Complete Absence of SM-Like Contractions in c-myb−/− EBs
Differentiating WT EBs of CCE background exhibited SM-like contractions at day 18 in 23±5.7% of cases (Figure 2A). Such contractions were analogous to those acquired by fluorescent microscopy using the DsRed-reporter-tagged G4 cells, slow and involving undulating sheets of longitudinally oriented cells.21,26 In contrast, no such activity was observed in c-myb−/− EBs of the same genetic background (0±0%; P<0.05; Figure 2A), suggesting that the SMC developmental program becomes impaired in the absence of c-Myb. Interestingly, c-myb−/− ESCs exhibited enhanced developmental potential for the cardiac lineage, as measured by percentage of EBs containing high-frequency (≈50 to 120 per minute) cardiac-like pulsations at day 24 (WT, 11.6±8.4%; c-myb−/−, 52.9±9.5%; P<0.05; Figure 2B).
Figure 2. Percentage of EBs exhibiting SM-like (A) or cardiac-like (B) contracting areas over the course of differentiation. A, No SM-like contractions were observed in EBs derived from c-myb−/− (KO) ESCs, which was in contrast to those derived from WT ESCs. B, Conversely, c-myb−/− EBs showed greater incidence of cardiac-like beating than WT-derived EBs at day 24 of differentiation. *P<0.05; n≥3.

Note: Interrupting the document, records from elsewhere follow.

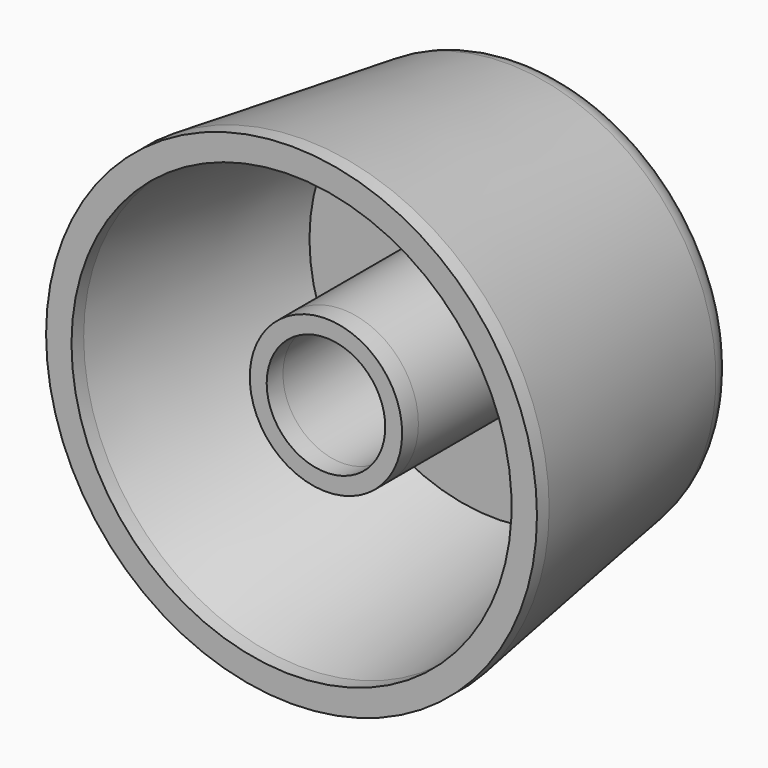
from build123d import *
from build123d import SkipClean  # not in build123d's __all__

# Parameters (mm, degrees)
F2_R     = 2
F4_DEPTH = 6
F5_DEPTH = 10
F6_DEPTH = 0.9
F3_R     = 4.4988269867
F7_DEPTH = 1.2


with BuildPart() as f1:
    # F0 (on Top) → F1 (revolve)
    with BuildSketch(Plane.XY):
        Polygon((0.6408938694, 2.8410089679), (0.6408938694, 16.7043862722), (-11.46528483, 16.7043862722), (-13.8516243371, 0), (-12.3516243371, 0), (-10.3318675491, 14.1383057447), (-3.8579331173, 14.1383057447), (-3.8579331173, 2.8410089679), align=None)
    revolve(axis=Axis((0.6408938694, 3.1900271702, 0), (0, -1, 0)))

    # F2
    f2_edges = [f1.edges().sort_by_distance(p)[0] for p in [
        (12.747073, 16.704386, 0),
    ]]
    fillet(f2_edges, radius=F2_R)

    # F3 (on face) → F4 (cut)
    with BuildSketch(Plane.XZ.offset(-2.8410089679)):
        with BuildLine():
            ThreePointArc((3.3910251828, -2.1648967087), (3.9481177503, -1.1455436271), (4.1408938694, 0))
            ThreePointArc((4.1408938694, 0), (3.9481177503, 1.1455436271), (3.3910251828, 2.1648967087))
            Line((3.3910251828, 2.1648967087), (3.3910251828, -2.1648967087))
        make_face()
        with BuildLine():
            Line((3.3910251828, -2.1648967087), (3.3910251828, 2.1648967087))
            ThreePointArc((3.3910251828, 2.1648967087), (-2.8591061306, 0), (3.3910251828, -2.1648967087))
        make_face()
    extrude(amount=-F4_DEPTH, mode=Mode.SUBTRACT)

    # F3 (on face) → F5 (cut)
    with BuildSketch(Plane.XZ.offset(-2.8410089679)):
        with BuildLine():
            Line((3.3910251828, -2.1648967087), (3.3910251828, 2.1648967087))
            ThreePointArc((3.3910251828, 2.1648967087), (-2.8591061306, 0), (3.3910251828, -2.1648967087))
        make_face()
    extrude(amount=-F5_DEPTH, mode=Mode.SUBTRACT)

    # F6 (add): a face of the model
    f6_faces = [f1.faces().sort_by_distance(p)[0] for p in [
        (14.72350176, 0, 0),
    ]]
    extrude(f6_faces, amount=F6_DEPTH)

    # F3 (on face) → F7 (join)
    with BuildSketch(Plane.XZ.offset(-2.8410089679)):
        with Locations((0.6408938694, 0)):
            Circle(F3_R)
        with BuildLine():
            ThreePointArc((3.3910251828, 2.1648967087), (3.9481177503, 1.1455436271), (4.1408938694, 0))
            ThreePointArc((4.1408938694, 0), (3.9481177503, -1.1455436271), (3.3910251828, -2.1648967087))
            ThreePointArc((3.3910251828, -2.1648967087), (-2.8591061306, 0), (3.3910251828, 2.1648967087))
        make_face(mode=Mode.SUBTRACT)
    with SkipClean():  # cleaning this boolean's faces spoils the solid; the shape is the same uncleaned
        extrude(amount=F7_DEPTH)


solid = f1.part
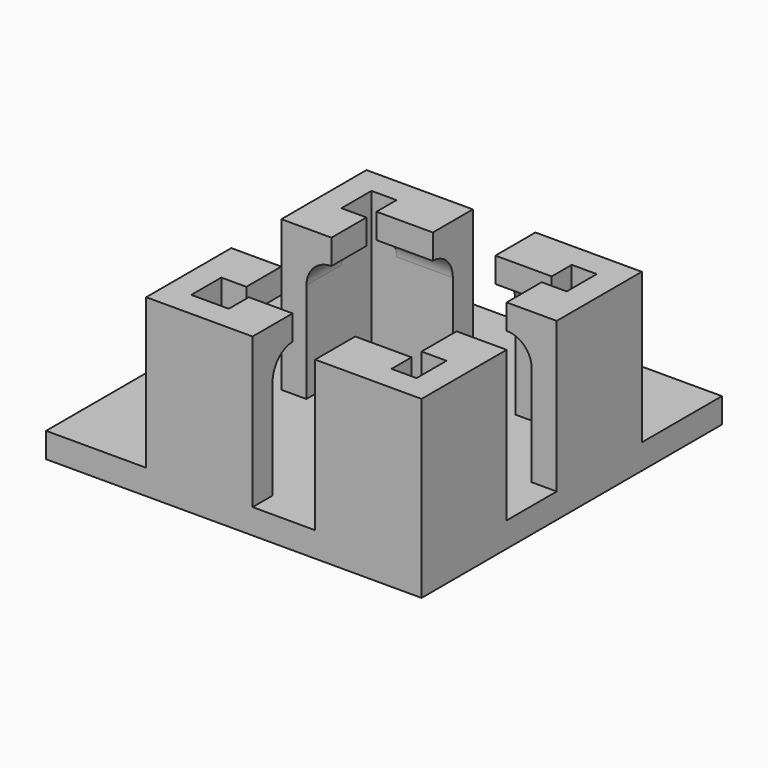
from build123d import *

# Parameters (mm, degrees)
F0_W     = 30
F0_H     = 30
F1_DEPTH = 2
F2_W     = 22
F2_H     = 22
F2_W_2   = 18
F2_H_2   = 18
F3_DEPTH = 10
F4_W     = 22
F4_H     = 22
F4_W_2   = 2
F4_H_2   = 12
F4_W_3   = 14
F4_H_3   = 2
F4_W_4   = 13
F5_DEPTH = 2
F6_R     = 1.99999
F7_W     = 12.5
F7_H     = 5
F7_W_2   = 5
F7_H_2   = 12.5
F8_DEPTH = 12


# Not quite as in the source:
# - a fillet or chamfer is up to 0.001 mm smaller than in the source, because OpenCascade refuses the exact size


with BuildPart() as f1:
    # F0 (on Top) → F1 (new body)
    with BuildSketch(Plane.XY):
        with Locations((15, -15)):
            Rectangle(F0_W, F0_H)
    extrude(amount=F1_DEPTH)

    # F2 (on face) → F3 (join)
    with BuildSketch(Plane.XY.offset(2)):
        with Locations((19, -19)):
            Rectangle(F2_W, F2_H)
        with Locations((19, -19)):
            Rectangle(F2_W_2, F2_H_2, mode=Mode.SUBTRACT)
    extrude(amount=F3_DEPTH)

    # F4 (on face) → F5 (join)
    with BuildSketch(Plane.XY.offset(12)):
        with Locations((19, -19)):
            Rectangle(F4_W, F4_H)
        Polygon((13, -28), (10, -28), (10, -25), (10, -13), (10, -10), (12, -10), (26, -10), (28, -10), (28, -13), (28, -25), (28, -28), (26, -28), align=None, mode=Mode.SUBTRACT)
        with Locations((11, -19)):
            Rectangle(F4_W_2, F4_H_2)
        with Locations((19, -11)):
            Rectangle(F4_W_3, F4_H_3)
        with Locations((27, -19)):
            Rectangle(F4_W_2, F4_H_2)
        with Locations((19.5, -27)):
            Rectangle(F4_W_4, F4_H_3)
    extrude(amount=F5_DEPTH)

    # F6 (radius 2 in the source; OpenCascade refuses exactly that, so slightly less here)
    f6_edges = [f1.edges().sort_by_distance(p)[0] for p in [
        (10, -19, 12),
        (28, -19, 12),
        (19, -10, 12),
        (19.5, -28, 12),
    ]]
    fillet(f6_edges, radius=F6_R)

    # F7 (on face) → F8 (cut, through all)
    with BuildSketch(Plane.XY.offset(14)):
        with Locations((27.75, -19)):
            Rectangle(F7_W, F7_H)
        with Locations((19, -27.75)):
            Rectangle(F7_W_2, F7_H_2)
        with Locations((19, -19)):
            Rectangle(F7_W_2, F7_H)
        with Locations((10.25, -19)):
            Rectangle(F7_W, F7_H)
        with Locations((19, -10.25)):
            Rectangle(F7_W_2, F7_H_2)
    extrude(amount=-F8_DEPTH, mode=Mode.SUBTRACT)


solid = f1.part
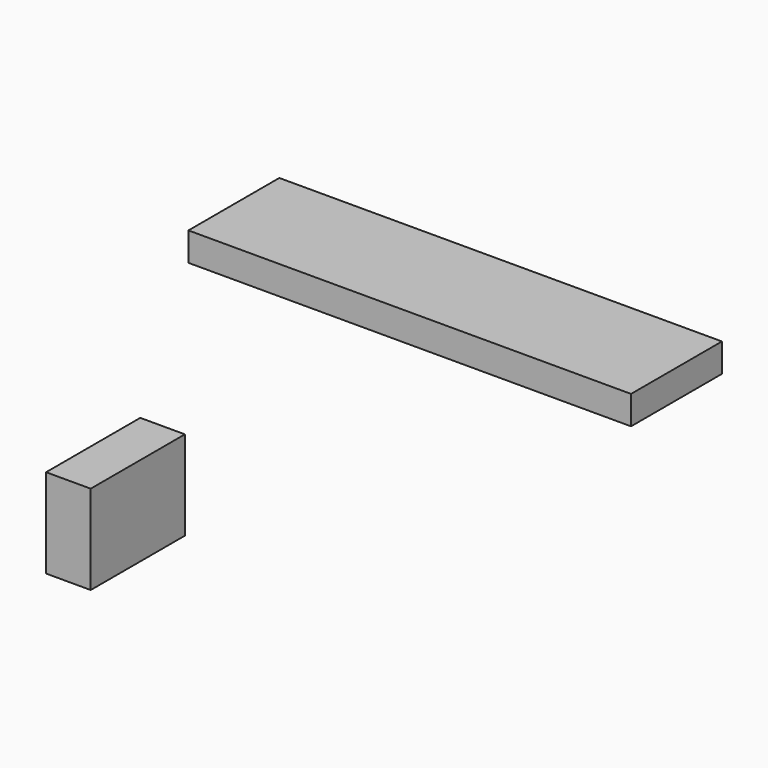
from build123d import *

# Parameters (mm, degrees)
F0_W     = 20.9442564005
F0_H     = 15.875
F1_DEPTH = 7.9375
F3_W     = 78.74
F3_H     = 20.2099310613
F4_DEPTH = 5.08


# Not quite as in the source:
# - the program builds the solid bodies; features that only make, move or delete a surface that nothing else refers to are left out


with BuildPart() as f1:
    # F0 (on Right) → F1 (new body)
    with BuildSketch(Plane.YZ):
        with Locations((-55.1829777162, -3.7632510066)):
            Rectangle(F0_W, F0_H)
    extrude(amount=F1_DEPTH)


with BuildPart() as f4:
    # F3 (on Top) → F4 (new body)
    with BuildSketch(Plane.XY):
        with Locations((10.4557741433, 12.2460403945)):
            Rectangle(F3_W, F3_H)
    extrude(amount=F4_DEPTH)


solid = Compound([f1.part, f4.part])

Reduced Myogenic and SM-Specific Gene Expression in c-myb−/− EBs
At select time points, WT and c-myb−/− EB cultures were assessed for the transcript levels of SM-specific markers. Myocardin, a potent transcriptional activator of SM- and cardiac-specific gene expression, was rapidly upregulated in WT EBs starting at day 7 of differentiation and peaked at day 12 but not in c-myb−/− EBs (Figure 3A). Temporal analysis revealed that high mRNA levels of myocardin were transient, such that by day 18 they declined to day 7 levels. Consistent with the absence of SM-like contractions (Figure 2A), the magnitude of SM-specific gene expression in c-myb−/− EBs was significantly lower than that recorded in WT EBs (Figure 3B through 3D). Notably, SMα-actin induction was clearly reduced at days 12, 15, and 18. SM22α, a marker of more mature SMCs, exhibited lower expression at days 15, 18, and 24 in c-myb−/− EBs. SM-MHC, which is SM lineage–restricted and associated with fully differentiated SMCs, was negligible in c-myb−/− EBs while being highly induced in WT EBs at days 12, 15, 18, and 24, resulting in significant differences at all of these time points. Accordingly, in the case of intermediate and advanced markers of SMC differentiation, SM22α and SM-MHC, significant differences between the 2 groups persisted until day 24. Importantly, induction of SM-selective gene expression peaked at day 15 (Figure 3) and preceded the appearance of SM-like contractions at day 18 in WT-derived EBs (Figure 2A), with SM-MHC upregulated last (Figure 3C).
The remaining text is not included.